# Arrays Ausgeben



## Ole-Max (24. Mrz 2009)

Hallo,
also ich habe 3 Arrays und möchte die ersten beiden Ausgeben.
Mein Problem ist die Ausgabe!!Also ich möchte das erste Arry einfach nur als Tabelle ausgeben. Also 10 Felder in x-Richtung und 10 in y-Richtung... 

[HIGHLIGHT="Java"]public class aufgabe10 
{
    public static void main (String args[])
    {
        int Array_1[][]=new int [10][10];
        int Array_2[][]= new int[10][10];
        int Array_3[][]=new int[10][10];

        for (int i=1; i<11;i++)
        {

            for (int j=1; j<11;j++)
            {
                Array_1_[j]=i*j;
                System.out.print(Array_1[j]);[/HIGHLIGHT]

Danke für Antwort!_


----------



## mr-gurke (24. Mrz 2009)

[HIGHLIGHT="Java"]public class aufgabe10 
{
public static void main (String args[])
{
int Array_1[][]=new int [10][10];
int Array_2[][]= new int[10][10];
int Array_3[][]=new int[10][10];

for (int i=1; i<11;i++)
{

for (int j=1; j<11;j++)
{
Array_1_[j]=i*j;
System.out.print(Array_1[j] + "\t");
}
System.out.print("\n");
}[/HIGHLIGHT]

Einfach nach jedem Feld einen Tabulator schreiben \t und nach jeder Zeile ein Newline \n_


----------



## aVoX (24. Mrz 2009)

Wo wir schon bei der Ausgabe von Arrays sind, möchte ich auch gleich eine Frage stellen:
Ich bilde mir ein, vor kurzer Zeit einen Befehl gesehen zu haben, der ein Array ausgibt, ohne dass man for-Schleifen schreiben muss und System.out.println() etc.
Kann mir jmd. den Befehl sagen? Glaub das war irgendwas mit Arrays.toConsole(ar) oder so.


----------



## Geeeee (24. Mrz 2009)

ähm..
int Array_1[][]=new int [10][10];
for (int i=1; i<11;i++)
nimm mal lieber deine schleife von 0 bis "<10" bzw. Array_1.length. In der inneren Schleife dann Array_1_.length.
Du haust dich doch da in eine OutOfBoundsException
-----
für den Threadmisbraucher: evtl.

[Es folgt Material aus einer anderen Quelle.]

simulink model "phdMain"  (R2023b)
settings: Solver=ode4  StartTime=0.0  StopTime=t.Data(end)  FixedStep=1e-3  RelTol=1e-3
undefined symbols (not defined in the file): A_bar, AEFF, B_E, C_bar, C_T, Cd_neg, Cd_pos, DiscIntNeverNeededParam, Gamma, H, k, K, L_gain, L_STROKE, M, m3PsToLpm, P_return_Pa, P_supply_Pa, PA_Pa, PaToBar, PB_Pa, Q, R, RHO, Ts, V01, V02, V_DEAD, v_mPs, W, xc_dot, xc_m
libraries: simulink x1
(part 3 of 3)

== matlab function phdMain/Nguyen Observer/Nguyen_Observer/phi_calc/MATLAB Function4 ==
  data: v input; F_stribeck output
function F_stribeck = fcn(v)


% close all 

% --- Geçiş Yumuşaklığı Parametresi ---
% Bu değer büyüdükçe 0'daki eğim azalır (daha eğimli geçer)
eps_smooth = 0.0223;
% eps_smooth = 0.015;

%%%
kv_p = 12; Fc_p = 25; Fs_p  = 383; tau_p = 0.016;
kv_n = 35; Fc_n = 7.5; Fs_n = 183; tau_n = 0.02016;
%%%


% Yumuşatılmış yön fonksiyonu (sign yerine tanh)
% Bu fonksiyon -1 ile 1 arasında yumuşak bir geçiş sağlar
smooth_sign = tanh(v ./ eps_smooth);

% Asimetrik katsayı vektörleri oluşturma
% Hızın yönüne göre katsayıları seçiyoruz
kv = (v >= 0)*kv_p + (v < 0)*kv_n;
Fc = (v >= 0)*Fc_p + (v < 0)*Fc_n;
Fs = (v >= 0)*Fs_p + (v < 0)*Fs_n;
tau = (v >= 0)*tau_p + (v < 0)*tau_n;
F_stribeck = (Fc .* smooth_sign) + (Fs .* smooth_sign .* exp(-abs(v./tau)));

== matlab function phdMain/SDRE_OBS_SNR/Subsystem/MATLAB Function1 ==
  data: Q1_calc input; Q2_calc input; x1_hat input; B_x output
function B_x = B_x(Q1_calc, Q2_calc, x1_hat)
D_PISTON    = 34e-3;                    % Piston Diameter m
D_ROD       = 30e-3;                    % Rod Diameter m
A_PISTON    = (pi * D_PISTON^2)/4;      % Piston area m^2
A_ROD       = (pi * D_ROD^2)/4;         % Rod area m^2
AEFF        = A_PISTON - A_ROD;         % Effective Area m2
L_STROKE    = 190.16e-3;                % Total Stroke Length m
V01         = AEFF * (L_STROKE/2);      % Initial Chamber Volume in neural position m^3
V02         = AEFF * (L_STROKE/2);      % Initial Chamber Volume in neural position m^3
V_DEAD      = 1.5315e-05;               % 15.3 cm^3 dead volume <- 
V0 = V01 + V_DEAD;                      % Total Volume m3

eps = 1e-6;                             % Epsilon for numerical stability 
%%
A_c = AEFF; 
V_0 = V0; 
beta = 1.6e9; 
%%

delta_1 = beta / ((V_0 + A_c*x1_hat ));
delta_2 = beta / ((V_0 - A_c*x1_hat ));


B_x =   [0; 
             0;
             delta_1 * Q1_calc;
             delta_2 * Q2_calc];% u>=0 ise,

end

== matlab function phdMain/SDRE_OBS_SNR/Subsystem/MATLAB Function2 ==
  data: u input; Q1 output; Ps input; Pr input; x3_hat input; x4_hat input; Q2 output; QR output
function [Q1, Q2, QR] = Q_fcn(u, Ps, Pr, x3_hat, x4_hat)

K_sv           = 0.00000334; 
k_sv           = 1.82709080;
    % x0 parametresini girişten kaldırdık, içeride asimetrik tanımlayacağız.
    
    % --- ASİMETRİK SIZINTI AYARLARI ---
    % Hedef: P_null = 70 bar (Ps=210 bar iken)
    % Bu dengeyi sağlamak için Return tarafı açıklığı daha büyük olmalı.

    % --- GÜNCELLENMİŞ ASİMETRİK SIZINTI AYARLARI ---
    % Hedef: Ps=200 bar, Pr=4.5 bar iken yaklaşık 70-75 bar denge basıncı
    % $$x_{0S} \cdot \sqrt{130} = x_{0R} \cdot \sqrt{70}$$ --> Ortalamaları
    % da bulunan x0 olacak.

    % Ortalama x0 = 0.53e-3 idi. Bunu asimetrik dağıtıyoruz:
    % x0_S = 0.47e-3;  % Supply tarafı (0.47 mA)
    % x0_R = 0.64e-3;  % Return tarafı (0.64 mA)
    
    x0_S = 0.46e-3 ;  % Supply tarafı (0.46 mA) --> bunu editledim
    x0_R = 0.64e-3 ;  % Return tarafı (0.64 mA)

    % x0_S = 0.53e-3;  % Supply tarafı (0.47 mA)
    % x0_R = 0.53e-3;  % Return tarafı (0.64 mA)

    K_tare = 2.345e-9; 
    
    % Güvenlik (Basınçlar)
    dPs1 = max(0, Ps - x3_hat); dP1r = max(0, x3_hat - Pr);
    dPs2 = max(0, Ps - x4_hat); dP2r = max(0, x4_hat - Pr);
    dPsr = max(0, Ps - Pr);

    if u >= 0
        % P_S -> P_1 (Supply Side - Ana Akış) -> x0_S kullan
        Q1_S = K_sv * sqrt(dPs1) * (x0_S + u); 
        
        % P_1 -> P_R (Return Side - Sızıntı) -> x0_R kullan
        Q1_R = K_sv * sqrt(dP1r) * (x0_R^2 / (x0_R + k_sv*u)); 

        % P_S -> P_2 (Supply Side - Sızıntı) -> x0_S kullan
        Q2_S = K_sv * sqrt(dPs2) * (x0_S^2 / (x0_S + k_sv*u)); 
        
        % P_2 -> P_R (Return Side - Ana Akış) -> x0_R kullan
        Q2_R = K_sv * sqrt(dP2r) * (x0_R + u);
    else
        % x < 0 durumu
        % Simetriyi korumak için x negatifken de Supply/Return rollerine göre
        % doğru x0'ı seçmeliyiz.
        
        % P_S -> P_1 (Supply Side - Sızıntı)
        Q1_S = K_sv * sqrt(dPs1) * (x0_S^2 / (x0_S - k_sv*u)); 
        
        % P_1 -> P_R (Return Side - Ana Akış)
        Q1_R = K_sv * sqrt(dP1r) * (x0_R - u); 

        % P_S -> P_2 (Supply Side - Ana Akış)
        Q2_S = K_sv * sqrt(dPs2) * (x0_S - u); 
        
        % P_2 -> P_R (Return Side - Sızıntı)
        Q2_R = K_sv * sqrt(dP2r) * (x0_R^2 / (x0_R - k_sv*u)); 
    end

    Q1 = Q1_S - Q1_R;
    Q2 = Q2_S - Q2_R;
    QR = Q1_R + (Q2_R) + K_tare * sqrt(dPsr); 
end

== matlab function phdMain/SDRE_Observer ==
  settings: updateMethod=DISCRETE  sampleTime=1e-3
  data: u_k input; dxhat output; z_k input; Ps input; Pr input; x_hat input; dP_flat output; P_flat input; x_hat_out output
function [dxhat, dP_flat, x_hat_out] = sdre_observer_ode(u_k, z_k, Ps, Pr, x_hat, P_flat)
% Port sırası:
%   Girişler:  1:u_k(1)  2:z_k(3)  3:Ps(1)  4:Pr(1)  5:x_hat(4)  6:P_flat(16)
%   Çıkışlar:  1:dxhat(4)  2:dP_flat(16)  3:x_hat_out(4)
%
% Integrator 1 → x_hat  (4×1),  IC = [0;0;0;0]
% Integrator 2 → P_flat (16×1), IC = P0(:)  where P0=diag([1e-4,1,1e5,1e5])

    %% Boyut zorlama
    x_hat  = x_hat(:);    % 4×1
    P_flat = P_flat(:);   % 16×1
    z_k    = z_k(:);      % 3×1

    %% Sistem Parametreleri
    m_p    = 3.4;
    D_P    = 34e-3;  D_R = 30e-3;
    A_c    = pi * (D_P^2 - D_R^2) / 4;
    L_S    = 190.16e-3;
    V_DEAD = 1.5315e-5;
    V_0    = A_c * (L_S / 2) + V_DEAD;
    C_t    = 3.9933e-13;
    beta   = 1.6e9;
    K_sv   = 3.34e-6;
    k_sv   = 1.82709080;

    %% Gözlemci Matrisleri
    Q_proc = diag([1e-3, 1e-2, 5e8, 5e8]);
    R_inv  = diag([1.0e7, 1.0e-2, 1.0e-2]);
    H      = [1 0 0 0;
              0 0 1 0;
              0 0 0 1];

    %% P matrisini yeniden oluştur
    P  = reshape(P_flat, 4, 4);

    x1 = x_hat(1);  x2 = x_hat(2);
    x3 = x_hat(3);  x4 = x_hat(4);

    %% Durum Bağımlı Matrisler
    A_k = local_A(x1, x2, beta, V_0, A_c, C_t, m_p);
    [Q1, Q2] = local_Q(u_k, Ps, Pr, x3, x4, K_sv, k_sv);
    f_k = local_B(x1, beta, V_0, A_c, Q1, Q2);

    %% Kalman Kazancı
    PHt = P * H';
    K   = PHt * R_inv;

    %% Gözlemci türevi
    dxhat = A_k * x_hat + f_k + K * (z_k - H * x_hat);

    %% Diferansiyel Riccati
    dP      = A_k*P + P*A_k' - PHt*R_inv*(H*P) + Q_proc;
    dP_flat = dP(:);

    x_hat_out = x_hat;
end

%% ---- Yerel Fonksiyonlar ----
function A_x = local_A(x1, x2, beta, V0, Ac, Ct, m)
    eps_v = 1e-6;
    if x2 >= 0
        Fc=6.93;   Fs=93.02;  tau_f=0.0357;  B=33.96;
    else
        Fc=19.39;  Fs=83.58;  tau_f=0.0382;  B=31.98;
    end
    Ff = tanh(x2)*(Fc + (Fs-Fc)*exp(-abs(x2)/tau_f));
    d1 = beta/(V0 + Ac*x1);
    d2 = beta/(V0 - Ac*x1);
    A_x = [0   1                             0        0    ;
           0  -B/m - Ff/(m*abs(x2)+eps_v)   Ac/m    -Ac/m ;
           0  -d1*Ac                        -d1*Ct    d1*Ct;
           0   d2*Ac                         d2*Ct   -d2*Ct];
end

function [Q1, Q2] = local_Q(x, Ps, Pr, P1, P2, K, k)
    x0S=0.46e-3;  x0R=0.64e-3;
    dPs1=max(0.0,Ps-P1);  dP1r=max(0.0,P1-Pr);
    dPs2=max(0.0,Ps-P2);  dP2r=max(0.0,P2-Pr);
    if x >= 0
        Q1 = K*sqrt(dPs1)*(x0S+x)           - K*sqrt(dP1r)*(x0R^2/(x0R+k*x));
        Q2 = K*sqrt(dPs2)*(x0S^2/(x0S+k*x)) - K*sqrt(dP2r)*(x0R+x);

Arrays.toString.._


----------



## Lexi (24. Mrz 2009)

aVoX hat gesagt.:


> Wo wir schon bei der Ausgabe von Arrays sind, möchte ich auch gleich eine Frage stellen:
> Ich bilde mir ein, vor kurzer Zeit einen Befehl gesehen zu haben, der ein Array ausgibt, ohne dass man for-Schleifen schreiben muss und System.out.println() etc.
> Kann mir jmd. den Befehl sagen? Glaub das war irgendwas mit Arrays.toConsole(ar) oder so.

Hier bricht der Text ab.